垂拱殿。
    赵禎整个人都窝进了宽大的龙椅里,手里没拿奏章,而是两根手指捏著一份油墨未乾的《大宋早报》。
    这位官家看得那叫一个津津有味,视线在“辽国第一深情”那个加粗黑体標题上停了足足三息。
    嘖,这標题,够味儿!比宫里那些说书先生会整活多了!
    “陛下!陛下要为老臣做主啊!”
    殿下,张士廉整个人趴在冰冷的金砖上,像只被抽了脊樑的癩皮狗。虽然换了身崭新的官袍,但那种被烂菜叶醃入味的餿臭,就像已经醃进了他的灵魂里。
    “江临竖子!私印妖言,煽动愚民!他这是把大宋的斯文扫地,把朝廷的脸面当鞋垫踩啊!”
    张士廉哭得梨花带雨,花白的头髮隨著抽泣一颤一颤。
    赵禎放下报纸,目光懒洋洋地扫过群臣。
    有意思了。
    往日里为了一个错別字都能喷半个时辰唾沫星子的御史台,今天跟集体失声了似的,一个个眼观鼻、鼻观心,就差把“別瞅我”三个字刻脸上了。
    没人接话。谁都知道,这节骨眼上,谁沾上张士廉谁倒霉。连翰林学士欧阳修今早都称病没来,摆明了是不想看见这丟人现眼的玩意儿。

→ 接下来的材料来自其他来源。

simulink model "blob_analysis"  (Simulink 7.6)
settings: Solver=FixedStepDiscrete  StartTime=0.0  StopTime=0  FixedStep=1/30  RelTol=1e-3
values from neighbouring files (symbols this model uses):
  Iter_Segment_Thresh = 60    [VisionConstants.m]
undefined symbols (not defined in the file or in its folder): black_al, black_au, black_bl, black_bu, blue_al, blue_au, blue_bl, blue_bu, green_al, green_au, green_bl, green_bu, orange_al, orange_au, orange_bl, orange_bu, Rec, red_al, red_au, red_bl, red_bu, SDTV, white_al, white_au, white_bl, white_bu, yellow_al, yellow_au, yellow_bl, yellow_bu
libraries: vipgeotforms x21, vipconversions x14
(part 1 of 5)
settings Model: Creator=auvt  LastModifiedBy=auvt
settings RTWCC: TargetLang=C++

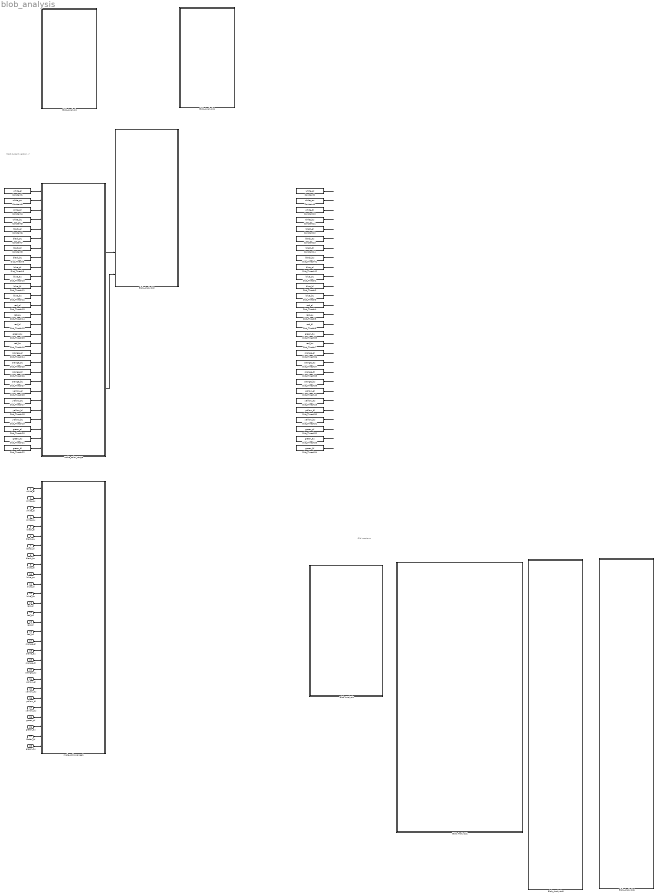
== system blob_analysis ==
  note: Old versions
  note: Most current version ->
  white_al : Inport
  white_au : Inport  Port=2
  white_bl : Inport  Port=3
  white_bu : Inport  Port=4
  black_al : Inport  Port=5
  black_au : Inport  Port=6
  black_bl : Inport  Port=7
  black_bu : Inport  Port=8
  blue_al : Inport  Port=9
  blue_au : Inport  Port=10
  blue_bl : Inport  Port=11
  blue_bu : Inport  Port=12
  red_al : Inport  Port=13
  red_au : Inport  Port=14
  red_bl : Inport  Port=15
  red_bu : Inport  Port=16
  orange_al : Inport  Port=17
  orane_au : Inport  Port=18
  orange_bl : Inport  Port=19
  orange_bu : Inport  Port=20
  yellow_al : Inport  Port=21
  yellow_au : Inport  Port=22
  yellow_bl : Inport  Port=23
  yellow_bu : Inport  Port=24
  green_al : Inport  Port=25
  green_au : Inport  Port=26
  breen_bl : Inport  Port=27
  green_bu : Inport  Port=28
  Blob Analysis : Subsystem
  Blob Analysis1 : Subsystem
  Blob_Analysis : Subsystem  TreatAsAtomicUnit=on
  Blob_Analysis1 : Subsystem  TreatAsAtomicUnit=on
  Blob_Analysis2 : Subsystem  TreatAsAtomicUnit=on
  Blob_Analysis5 : Subsystem  TreatAsAtomicUnit=on
  Blob_Analysis6 : Subsystem  TreatAsAtomicUnit=on
  Constant1 : Constant  Value=white_al  SampleTime=-1
  Constant10 : Constant  Value=white_bl  SampleTime=-1
  Constant11 : Constant  Value=white_bu  SampleTime=-1
  Constant12 : Constant  Value=black_al  SampleTime=-1
  Constant13 : Constant  Value=black_au  SampleTime=-1
  Constant14 : Constant  Value=black_bl  SampleTime=-1
  Constant2 : Constant  Value=white_al  SampleTime=-1
  Constant3 : Constant  Value=white_au  SampleTime=-1
  Constant4 : Constant  Value=white_bl  SampleTime=-1
  Constant5 : Constant  Value=white_bu  SampleTime=-1
  Constant6 : Constant  Value=black_al  SampleTime=-1
  Constant7 : Constant  Value=black_au  SampleTime=-1
  Constant8 : Constant  Value=black_bl  SampleTime=-1
  Constant9 : Constant  Value=white_au  SampleTime=-1
  Dist_Thresh1 : Constant  Value=blue_au  SampleTime=-1
  Dist_Thresh10 : Constant  Value=blue_au  SampleTime=-1
  Dist_Thresh11 : Constant  Value=blue_bl  SampleTime=-1
  Dist_Thresh12 : Constant  Value=blue_bu  SampleTime=-1
  Dist_Thresh13 : Constant  Value=red_al  SampleTime=-1
  Dist_Thresh14 : Constant  Value=red_au  SampleTime=-1
  Dist_Thresh15 : Constant  Value=red_bl  SampleTime=-1
  Dist_Thresh16 : Constant  Value=red_bu  SampleTime=-1
  Dist_Thresh17 : Constant  Value=yellow_au  SampleTime=-1
  Dist_Thresh18 : Constant  Value=yellow_bl  SampleTime=-1
  Dist_Thresh19 : Constant  Value=yellow_bu  SampleTime=-1
  Dist_Thresh2 : Constant  Value=blue_bl  SampleTime=-1
  Dist_Thresh20 : Constant  Value=green_al  SampleTime=-1
  Dist_Thresh21 : Constant  Value=green_au  SampleTime=-1
  Dist_Thresh22 : Constant  Value=green_bl  SampleTime=-1
  Dist_Thresh23 : Constant  Value=green_bu  SampleTime=-1
  Dist_Thresh24 : Constant  Value=orange_al  SampleTime=-1
  Dist_Thresh25 : Constant  Value=orange_au  SampleTime=-1
  Dist_Thresh26 : Constant  Value=orange_bl  SampleTime=-1
  Dist_Thresh27 : Constant  Value=orange_bu  SampleTime=-1
  Dist_Thresh28 : Constant  Value=yellow_al  SampleTime=-1
  Dist_Thresh29 : Constant  Value=yellow_au  SampleTime=-1
  Dist_Thresh3 : Constant  Value=blue_bu  SampleTime=-1
  Dist_Thresh30 : Constant  Value=yellow_bl  SampleTime=-1
  Dist_Thresh31 : Constant  Value=yellow_bu  SampleTime=-1
  Dist_Thresh32 : Constant  Value=green_al  SampleTime=-1
  Dist_Thresh33 : Constant  Value=green_au  SampleTime=-1
  Dist_Thresh34 : Constant  Value=green_bl  SampleTime=-1
  Dist_Thresh35 : Constant  Value=green_bu  SampleTime=-1
  Dist_Thresh36 : Constant  Value=orange_al  SampleTime=-1
  Dist_Thresh37 : Constant  Value=orange_au  SampleTime=-1
  Dist_Thresh38 : Constant  Value=orange_bl  SampleTime=-1
  Dist_Thresh39 : Constant  Value=orange_bu  SampleTime=-1
  Dist_Thresh4 : Constant  Value=red_al  SampleTime=-1
  Dist_Thresh40 : Constant  Value=yellow_al  SampleTime=-1
  Dist_Thresh41 : Constant  Value=black_bu  SampleTime=-1
  Dist_Thresh42 : Constant  Value=blue_al  SampleTime=-1
  Dist_Thresh5 : Constant  Value=red_au  SampleTime=-1
  Dist_Thresh6 : Constant  Value=red_bl  SampleTime=-1
  Dist_Thresh7 : Constant  Value=red_bu  SampleTime=-1
  Dist_Thresh8 : Constant  Value=black_bu  SampleTime=-1
  Dist_Thresh9 : Constant  Value=blue_al  SampleTime=-1
  make_color_range : Stateflow chart  TreatAsAtomicUnit=on
  make_color_range1 : Stateflow chart  TreatAsAtomicUnit=on
  wires:
  Constant1/1 -> make_color_range/1(white_al)
  Dist_Thresh22/1 -> make_color_range/28(green_bu)
  Constant3/1 -> make_color_range/2(white_au)
  Constant4/1 -> make_color_range/3(white_bl)
  Constant5/1 -> make_color_range/4(white_bu)
  Constant6/1 -> make_color_range/5(black_al)
  Constant7/1 -> make_color_range/6(black_au)
  Constant8/1 -> make_color_range/7(black_bl)
  Dist_Thresh8/1 -> make_color_range/8(black_bu)
  Dist_Thresh9/1 -> make_color_range/9(blue_al)
  Dist_Thresh10/1 -> make_color_range/10(blue_au)
  Dist_Thresh11/1 -> make_color_range/11(blue_bl)
  Dist_Thresh12/1 -> make_color_range/12(blue_bu)
  Dist_Thresh13/1 -> make_color_range/13(red_al)
  Dist_Thresh14/1 -> make_color_range/14(red_au)
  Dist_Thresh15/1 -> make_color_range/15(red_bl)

    “王爱卿,”赵禎点了名,目光落在班列前排,“你是参知政事,又是真定王氏的家主。北方士林多出自你门下,这事儿,你怎么看?”
    真定王氏,家主王槐。
    这老头子虽然不写诗词,但他手里握著大宋北方世族的晋升阶梯。如果说欧阳修是文坛的“面子”,那王槐就是士大夫集团的“里子”。
    张士廉猛地抬头,眼里全是求生的渴望。在这种大是大非面前,王老肯定会护短!
    只要把这事定性为“有辱斯文”,江临就死定了!
    王槐缓缓出列。
    他不急不缓,每一步都踩得极稳。路过张士廉身边时,眼皮都没抬一下,直接把他当成了空气。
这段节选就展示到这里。